▸ REQUIRED ACTION: Return, from the data below, each line that contains the word "Inventor".

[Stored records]
━━━━━━

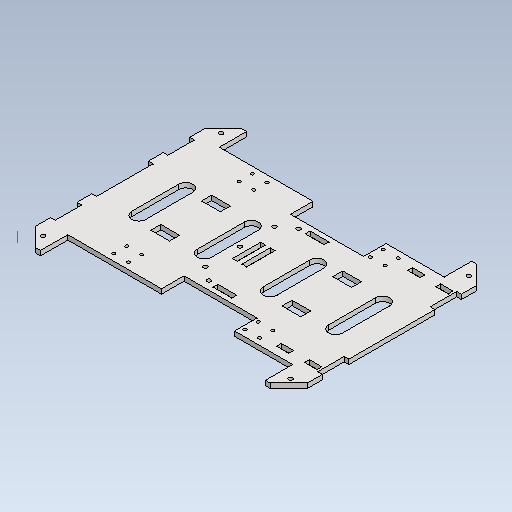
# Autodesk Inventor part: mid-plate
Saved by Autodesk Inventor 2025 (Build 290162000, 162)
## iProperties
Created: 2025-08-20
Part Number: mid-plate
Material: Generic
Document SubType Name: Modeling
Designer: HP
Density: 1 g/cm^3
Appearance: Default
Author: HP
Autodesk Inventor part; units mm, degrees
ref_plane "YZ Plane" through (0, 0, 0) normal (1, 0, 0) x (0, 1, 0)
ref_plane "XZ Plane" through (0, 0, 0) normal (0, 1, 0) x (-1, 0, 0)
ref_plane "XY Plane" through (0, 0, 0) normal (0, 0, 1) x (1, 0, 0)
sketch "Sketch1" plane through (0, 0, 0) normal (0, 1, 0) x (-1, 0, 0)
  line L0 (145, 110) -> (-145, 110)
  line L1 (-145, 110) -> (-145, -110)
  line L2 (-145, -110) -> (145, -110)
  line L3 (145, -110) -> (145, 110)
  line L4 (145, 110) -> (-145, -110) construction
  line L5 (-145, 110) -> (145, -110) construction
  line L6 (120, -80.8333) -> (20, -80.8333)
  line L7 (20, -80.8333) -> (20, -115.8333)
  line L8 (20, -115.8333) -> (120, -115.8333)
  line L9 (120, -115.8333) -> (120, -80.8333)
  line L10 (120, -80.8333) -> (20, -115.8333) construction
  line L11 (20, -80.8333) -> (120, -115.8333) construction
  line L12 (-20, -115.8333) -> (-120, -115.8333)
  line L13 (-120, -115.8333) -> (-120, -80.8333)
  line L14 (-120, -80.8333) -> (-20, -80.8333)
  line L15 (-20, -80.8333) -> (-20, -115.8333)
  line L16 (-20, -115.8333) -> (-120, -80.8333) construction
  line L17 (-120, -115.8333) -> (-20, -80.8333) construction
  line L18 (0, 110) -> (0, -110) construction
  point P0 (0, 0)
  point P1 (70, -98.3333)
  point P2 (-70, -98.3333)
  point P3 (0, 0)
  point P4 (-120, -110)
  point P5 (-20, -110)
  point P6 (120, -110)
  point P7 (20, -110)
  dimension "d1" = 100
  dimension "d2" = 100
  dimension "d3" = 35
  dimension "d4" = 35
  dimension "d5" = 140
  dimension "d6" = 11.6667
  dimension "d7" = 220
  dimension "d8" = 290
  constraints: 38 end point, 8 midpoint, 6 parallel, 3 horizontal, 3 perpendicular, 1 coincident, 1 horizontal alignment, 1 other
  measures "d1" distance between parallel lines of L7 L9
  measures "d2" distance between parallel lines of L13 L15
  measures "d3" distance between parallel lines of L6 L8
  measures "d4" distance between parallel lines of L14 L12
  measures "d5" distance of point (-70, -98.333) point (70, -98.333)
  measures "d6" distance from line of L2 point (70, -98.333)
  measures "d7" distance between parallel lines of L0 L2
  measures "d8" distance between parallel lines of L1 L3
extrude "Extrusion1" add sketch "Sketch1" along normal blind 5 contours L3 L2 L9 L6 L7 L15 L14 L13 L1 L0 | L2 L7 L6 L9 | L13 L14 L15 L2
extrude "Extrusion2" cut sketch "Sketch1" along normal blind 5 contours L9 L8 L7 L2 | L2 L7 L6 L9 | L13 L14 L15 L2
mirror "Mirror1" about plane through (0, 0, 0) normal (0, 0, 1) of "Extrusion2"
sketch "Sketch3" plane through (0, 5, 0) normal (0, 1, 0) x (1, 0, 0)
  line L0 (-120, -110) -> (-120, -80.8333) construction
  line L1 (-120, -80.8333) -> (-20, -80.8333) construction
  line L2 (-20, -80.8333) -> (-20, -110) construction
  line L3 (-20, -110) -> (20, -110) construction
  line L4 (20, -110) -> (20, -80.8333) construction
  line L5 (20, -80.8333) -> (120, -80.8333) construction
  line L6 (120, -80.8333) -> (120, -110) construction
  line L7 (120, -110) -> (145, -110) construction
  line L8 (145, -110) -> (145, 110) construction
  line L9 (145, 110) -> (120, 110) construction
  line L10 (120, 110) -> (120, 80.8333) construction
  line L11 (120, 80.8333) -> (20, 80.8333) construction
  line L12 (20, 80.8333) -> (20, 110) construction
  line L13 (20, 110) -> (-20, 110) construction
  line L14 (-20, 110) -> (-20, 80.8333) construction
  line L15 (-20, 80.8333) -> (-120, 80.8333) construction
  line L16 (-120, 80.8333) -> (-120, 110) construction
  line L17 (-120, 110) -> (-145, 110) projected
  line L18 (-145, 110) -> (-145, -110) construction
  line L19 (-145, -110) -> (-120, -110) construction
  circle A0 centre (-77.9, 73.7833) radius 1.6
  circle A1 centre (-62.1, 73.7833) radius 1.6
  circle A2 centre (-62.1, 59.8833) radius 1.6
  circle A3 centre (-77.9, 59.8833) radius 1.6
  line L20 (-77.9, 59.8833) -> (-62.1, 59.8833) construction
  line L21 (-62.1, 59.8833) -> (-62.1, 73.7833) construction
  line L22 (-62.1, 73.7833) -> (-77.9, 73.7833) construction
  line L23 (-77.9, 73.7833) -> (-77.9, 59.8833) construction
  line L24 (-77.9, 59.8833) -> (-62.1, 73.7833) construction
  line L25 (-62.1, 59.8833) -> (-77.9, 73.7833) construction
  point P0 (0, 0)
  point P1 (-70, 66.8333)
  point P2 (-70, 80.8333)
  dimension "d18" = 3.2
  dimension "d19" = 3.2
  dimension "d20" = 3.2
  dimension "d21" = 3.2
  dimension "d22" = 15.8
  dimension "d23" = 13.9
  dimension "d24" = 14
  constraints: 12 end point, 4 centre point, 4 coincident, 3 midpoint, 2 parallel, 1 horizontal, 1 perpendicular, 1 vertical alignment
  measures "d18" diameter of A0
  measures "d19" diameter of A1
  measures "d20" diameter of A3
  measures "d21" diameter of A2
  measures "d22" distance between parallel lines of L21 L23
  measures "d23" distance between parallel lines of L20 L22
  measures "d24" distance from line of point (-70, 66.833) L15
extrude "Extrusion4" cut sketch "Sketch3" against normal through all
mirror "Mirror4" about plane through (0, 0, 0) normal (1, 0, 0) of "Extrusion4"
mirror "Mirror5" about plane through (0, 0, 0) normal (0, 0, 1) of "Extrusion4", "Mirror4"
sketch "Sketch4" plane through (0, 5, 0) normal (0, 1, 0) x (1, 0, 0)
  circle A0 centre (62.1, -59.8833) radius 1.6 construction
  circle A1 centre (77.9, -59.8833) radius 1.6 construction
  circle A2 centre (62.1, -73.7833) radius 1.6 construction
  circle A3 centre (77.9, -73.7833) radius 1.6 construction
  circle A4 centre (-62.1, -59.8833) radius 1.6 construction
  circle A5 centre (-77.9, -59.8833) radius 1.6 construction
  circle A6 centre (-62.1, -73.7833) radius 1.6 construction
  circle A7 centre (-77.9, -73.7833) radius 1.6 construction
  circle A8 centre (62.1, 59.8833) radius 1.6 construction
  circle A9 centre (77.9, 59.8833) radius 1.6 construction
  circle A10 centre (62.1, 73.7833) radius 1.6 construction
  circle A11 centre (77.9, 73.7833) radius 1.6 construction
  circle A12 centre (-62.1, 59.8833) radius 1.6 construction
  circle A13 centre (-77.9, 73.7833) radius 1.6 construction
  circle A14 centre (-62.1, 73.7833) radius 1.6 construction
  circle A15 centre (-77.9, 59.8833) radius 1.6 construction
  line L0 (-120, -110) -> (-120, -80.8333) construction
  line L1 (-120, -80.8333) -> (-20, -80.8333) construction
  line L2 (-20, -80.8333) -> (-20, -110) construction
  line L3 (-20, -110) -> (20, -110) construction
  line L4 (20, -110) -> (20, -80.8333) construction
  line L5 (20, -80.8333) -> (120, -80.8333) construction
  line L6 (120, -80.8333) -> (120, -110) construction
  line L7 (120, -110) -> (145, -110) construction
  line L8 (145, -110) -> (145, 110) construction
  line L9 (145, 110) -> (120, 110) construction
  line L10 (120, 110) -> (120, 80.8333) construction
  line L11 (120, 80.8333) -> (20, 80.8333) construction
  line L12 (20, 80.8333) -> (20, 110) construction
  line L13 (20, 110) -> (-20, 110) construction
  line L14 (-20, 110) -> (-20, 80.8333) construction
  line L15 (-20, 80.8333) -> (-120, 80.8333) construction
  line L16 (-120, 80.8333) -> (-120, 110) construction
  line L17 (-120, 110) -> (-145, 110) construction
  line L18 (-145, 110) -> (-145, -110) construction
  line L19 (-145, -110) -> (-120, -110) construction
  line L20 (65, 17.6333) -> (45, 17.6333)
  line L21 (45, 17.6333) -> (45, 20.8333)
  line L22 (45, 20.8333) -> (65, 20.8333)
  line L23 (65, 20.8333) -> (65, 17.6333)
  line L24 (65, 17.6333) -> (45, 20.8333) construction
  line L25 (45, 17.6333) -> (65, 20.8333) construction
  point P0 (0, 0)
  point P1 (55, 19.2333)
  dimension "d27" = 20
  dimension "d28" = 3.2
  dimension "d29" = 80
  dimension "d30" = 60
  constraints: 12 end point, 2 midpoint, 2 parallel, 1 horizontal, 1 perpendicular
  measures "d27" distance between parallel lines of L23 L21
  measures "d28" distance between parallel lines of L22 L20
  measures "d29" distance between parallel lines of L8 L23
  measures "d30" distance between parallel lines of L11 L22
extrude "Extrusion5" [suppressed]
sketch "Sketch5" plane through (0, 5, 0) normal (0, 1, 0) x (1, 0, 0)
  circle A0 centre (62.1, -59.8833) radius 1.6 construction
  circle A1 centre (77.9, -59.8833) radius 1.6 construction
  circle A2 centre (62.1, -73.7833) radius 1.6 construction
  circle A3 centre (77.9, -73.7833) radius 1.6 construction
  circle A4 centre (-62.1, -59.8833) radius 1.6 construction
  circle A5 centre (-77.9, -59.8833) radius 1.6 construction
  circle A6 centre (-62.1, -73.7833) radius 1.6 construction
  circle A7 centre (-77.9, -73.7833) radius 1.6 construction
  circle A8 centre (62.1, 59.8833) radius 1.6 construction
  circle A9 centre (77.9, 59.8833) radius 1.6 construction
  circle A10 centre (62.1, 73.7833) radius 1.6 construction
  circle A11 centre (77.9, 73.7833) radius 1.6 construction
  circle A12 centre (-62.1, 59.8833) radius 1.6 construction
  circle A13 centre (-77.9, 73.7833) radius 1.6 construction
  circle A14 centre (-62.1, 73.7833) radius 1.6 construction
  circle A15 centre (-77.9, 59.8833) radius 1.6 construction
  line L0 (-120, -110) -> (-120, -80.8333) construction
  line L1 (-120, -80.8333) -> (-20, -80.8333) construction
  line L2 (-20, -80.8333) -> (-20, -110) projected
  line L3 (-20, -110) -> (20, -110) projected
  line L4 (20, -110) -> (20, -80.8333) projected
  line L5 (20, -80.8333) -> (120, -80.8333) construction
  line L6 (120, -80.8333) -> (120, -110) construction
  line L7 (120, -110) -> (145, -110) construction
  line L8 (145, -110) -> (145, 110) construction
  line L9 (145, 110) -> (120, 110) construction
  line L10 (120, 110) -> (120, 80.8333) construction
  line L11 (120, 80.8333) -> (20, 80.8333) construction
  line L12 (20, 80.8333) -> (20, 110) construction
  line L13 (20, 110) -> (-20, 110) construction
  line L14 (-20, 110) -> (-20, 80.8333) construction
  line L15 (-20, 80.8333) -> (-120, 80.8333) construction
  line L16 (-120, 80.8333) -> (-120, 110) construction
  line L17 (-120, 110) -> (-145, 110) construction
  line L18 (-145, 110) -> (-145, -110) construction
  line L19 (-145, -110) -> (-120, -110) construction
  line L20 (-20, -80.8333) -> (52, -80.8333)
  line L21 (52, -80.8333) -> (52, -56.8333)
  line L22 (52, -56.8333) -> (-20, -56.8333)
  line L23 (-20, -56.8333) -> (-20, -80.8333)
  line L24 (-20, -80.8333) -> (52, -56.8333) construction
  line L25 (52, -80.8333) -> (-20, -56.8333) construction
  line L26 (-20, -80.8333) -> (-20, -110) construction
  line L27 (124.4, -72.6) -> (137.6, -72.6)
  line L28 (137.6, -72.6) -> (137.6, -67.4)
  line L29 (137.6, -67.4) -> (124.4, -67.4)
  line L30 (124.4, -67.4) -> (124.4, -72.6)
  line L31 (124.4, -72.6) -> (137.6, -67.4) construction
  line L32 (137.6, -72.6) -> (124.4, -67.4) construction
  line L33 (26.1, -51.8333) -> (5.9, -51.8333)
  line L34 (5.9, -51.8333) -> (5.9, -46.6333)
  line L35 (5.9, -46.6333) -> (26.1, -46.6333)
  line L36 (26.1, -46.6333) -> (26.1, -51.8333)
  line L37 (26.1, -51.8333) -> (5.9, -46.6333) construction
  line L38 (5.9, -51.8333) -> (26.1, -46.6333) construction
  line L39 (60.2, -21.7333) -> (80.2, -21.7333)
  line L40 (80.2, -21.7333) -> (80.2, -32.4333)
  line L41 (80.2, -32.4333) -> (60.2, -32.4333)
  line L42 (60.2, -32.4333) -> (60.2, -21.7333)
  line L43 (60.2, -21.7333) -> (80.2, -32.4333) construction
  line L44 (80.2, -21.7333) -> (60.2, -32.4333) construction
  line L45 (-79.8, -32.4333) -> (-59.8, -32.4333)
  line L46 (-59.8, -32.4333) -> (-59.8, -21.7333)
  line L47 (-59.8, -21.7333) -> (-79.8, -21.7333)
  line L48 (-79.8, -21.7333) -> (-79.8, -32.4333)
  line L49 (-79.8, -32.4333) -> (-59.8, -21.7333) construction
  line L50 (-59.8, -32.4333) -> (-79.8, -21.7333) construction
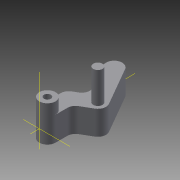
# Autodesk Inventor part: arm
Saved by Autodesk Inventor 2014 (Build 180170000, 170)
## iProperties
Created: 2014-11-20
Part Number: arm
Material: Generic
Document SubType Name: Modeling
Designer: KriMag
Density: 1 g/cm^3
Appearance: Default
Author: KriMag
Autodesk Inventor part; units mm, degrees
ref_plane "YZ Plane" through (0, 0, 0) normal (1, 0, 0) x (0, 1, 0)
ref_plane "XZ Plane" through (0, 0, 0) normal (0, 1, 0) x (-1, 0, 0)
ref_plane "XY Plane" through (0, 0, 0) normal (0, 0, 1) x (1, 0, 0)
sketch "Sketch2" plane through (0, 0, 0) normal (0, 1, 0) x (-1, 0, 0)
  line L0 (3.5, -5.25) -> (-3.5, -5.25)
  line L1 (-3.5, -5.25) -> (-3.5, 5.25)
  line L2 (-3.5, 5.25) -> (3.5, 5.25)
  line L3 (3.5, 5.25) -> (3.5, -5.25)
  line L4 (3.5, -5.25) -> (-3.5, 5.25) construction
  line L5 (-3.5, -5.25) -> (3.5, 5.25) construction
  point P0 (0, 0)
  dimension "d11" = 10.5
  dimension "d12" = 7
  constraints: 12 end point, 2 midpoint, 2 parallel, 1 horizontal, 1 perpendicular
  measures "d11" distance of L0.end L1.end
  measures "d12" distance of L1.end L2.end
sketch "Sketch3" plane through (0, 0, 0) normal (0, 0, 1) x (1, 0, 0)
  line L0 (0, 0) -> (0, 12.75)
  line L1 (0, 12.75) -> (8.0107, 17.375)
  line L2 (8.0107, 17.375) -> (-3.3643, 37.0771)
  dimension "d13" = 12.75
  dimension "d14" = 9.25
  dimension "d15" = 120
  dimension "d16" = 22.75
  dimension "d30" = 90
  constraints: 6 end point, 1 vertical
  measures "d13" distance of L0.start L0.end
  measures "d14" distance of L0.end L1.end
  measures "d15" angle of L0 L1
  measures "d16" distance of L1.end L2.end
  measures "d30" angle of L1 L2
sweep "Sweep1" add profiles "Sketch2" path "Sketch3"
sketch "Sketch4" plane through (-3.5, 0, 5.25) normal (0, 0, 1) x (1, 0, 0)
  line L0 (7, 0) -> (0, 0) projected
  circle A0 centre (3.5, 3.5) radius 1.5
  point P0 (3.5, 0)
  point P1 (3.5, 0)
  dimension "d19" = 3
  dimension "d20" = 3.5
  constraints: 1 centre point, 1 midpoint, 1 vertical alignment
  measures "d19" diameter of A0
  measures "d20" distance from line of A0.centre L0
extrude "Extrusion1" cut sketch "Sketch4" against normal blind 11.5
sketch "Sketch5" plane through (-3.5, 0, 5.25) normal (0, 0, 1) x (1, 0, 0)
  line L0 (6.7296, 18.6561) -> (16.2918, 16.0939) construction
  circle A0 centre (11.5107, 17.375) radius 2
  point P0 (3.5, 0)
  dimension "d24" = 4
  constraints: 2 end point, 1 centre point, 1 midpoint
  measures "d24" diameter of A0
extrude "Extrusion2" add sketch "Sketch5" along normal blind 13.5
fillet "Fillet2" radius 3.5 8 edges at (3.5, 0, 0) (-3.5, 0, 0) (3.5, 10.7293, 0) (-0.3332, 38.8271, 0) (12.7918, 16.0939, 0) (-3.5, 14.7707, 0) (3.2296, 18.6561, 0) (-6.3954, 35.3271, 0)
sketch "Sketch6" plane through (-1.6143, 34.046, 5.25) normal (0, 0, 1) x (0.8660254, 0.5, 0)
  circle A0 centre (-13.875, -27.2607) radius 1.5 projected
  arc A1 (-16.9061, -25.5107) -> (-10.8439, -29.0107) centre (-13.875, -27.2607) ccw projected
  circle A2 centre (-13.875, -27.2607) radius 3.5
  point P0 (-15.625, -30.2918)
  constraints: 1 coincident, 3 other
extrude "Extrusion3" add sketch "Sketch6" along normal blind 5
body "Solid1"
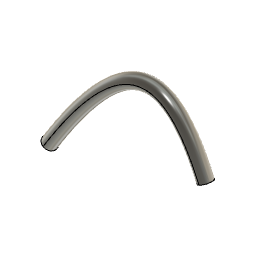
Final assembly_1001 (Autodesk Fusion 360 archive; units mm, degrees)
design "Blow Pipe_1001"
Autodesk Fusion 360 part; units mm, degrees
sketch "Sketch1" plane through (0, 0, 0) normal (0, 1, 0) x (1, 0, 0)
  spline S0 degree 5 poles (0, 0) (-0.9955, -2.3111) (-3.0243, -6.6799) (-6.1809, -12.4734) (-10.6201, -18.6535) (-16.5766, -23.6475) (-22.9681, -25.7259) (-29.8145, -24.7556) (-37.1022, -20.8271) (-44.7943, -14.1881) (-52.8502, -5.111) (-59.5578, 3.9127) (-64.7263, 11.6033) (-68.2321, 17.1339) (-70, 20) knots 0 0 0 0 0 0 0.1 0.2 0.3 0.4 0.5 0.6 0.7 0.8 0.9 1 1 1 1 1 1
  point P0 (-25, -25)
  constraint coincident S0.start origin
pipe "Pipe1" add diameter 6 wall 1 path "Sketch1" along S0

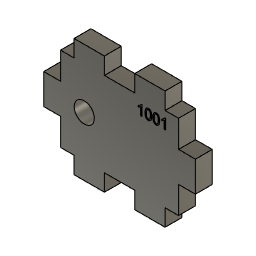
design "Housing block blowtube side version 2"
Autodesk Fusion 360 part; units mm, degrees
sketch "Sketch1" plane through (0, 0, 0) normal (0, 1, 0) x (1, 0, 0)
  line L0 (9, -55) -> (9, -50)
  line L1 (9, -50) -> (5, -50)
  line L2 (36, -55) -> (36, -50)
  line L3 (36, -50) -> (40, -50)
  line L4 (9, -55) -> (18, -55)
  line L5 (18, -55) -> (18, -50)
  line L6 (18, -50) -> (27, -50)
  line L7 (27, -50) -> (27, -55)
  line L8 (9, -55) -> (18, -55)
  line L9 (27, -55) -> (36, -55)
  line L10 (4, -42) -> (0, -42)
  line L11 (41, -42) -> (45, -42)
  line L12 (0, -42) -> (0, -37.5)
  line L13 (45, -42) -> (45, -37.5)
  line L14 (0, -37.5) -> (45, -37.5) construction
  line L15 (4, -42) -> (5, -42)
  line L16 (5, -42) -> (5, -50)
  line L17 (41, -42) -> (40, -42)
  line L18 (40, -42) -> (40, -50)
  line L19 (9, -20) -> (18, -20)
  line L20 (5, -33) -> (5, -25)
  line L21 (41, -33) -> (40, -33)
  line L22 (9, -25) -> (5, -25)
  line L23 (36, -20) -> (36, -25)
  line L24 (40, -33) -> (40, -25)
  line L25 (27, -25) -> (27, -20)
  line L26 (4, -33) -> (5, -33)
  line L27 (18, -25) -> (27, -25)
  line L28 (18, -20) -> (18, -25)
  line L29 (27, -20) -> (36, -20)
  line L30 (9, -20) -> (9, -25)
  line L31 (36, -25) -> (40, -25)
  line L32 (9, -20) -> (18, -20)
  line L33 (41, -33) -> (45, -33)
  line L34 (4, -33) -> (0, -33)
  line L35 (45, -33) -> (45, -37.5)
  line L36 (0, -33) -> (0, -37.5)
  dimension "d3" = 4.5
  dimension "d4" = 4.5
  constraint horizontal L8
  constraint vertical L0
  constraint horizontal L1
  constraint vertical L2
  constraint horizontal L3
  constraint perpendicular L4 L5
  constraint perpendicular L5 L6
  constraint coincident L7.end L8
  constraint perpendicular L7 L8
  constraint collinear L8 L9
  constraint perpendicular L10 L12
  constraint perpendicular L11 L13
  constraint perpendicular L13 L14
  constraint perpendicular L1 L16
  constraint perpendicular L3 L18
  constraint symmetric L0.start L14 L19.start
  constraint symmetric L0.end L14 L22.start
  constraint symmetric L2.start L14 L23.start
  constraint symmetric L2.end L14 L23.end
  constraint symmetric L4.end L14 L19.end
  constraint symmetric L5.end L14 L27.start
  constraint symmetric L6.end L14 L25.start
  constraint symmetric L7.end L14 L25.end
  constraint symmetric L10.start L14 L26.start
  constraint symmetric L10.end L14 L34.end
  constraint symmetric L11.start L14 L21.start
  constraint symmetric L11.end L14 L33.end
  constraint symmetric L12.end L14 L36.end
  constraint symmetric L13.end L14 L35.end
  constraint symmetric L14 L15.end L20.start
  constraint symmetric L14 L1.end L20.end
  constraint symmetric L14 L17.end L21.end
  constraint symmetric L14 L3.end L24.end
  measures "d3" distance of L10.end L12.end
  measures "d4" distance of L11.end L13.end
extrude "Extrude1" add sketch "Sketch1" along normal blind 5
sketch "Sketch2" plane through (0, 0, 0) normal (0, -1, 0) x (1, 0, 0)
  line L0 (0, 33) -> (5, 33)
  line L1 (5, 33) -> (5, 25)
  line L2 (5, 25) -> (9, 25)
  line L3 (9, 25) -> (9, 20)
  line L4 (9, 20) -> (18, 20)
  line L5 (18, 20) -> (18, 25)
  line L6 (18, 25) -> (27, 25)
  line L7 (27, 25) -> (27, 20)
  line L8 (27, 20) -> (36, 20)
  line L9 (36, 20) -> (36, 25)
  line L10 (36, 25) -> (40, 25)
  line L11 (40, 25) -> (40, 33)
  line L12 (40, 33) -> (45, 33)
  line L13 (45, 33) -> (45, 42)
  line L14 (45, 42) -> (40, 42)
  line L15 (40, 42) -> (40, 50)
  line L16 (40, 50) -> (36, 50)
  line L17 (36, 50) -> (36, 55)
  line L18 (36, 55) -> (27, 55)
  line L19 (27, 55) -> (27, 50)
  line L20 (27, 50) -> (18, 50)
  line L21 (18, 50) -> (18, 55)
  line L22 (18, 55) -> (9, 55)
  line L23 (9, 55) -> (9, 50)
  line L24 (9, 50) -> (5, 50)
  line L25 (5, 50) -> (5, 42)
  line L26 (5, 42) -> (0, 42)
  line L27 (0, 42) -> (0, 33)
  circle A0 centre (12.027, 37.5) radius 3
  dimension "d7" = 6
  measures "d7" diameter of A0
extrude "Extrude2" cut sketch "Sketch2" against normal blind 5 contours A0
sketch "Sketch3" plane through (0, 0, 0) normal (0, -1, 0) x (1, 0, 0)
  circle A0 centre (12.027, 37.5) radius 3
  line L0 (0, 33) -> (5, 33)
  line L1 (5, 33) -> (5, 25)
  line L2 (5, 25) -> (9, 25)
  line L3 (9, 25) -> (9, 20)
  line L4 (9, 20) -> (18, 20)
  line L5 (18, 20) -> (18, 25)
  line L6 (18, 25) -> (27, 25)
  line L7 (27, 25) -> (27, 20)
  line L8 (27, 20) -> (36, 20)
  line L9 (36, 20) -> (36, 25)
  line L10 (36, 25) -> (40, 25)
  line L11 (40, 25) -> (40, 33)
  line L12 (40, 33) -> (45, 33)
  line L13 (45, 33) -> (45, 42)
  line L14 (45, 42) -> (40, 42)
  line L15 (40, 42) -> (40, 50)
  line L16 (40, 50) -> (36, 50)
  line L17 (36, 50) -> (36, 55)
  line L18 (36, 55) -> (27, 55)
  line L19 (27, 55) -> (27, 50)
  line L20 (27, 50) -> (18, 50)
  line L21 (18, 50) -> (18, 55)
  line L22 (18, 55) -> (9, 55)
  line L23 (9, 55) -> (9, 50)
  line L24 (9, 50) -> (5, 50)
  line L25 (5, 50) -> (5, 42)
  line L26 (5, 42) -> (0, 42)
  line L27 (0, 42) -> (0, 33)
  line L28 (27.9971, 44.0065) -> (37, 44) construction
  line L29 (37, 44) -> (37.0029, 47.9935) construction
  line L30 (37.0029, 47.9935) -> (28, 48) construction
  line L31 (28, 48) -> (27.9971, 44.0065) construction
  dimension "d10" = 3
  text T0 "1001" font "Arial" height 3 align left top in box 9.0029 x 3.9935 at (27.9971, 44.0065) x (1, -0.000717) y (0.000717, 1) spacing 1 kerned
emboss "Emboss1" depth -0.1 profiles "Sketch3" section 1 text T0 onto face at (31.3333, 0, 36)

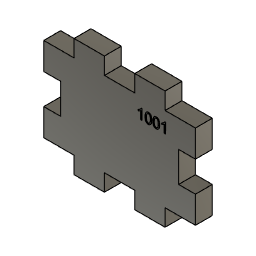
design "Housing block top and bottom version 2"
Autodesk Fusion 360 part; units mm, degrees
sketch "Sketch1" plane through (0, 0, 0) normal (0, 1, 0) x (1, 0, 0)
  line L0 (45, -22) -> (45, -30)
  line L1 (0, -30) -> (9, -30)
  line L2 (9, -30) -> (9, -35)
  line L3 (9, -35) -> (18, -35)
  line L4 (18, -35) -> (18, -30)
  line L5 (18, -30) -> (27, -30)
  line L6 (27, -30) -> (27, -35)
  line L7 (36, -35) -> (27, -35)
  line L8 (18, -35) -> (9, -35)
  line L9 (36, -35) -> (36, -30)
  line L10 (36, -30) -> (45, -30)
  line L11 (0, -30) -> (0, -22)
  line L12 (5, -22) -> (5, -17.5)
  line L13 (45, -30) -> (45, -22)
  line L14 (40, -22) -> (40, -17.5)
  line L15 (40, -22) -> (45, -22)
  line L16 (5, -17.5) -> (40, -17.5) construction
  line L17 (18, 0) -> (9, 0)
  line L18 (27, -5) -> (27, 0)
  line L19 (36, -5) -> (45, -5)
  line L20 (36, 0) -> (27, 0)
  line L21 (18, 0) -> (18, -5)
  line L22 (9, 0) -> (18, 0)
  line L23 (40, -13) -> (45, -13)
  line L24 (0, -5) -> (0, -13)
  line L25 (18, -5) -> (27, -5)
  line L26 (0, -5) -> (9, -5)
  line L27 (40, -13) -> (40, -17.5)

━━━━━━

▸ ANSWER SECTION:
# Autodesk Inventor part: mid-plate
Saved by Autodesk Inventor 2025 (Build 290162000, 162)
Autodesk Inventor part; units mm, degrees
# Autodesk Inventor part: arm
Saved by Autodesk Inventor 2014 (Build 180170000, 170)
Autodesk Inventor part; units mm, degrees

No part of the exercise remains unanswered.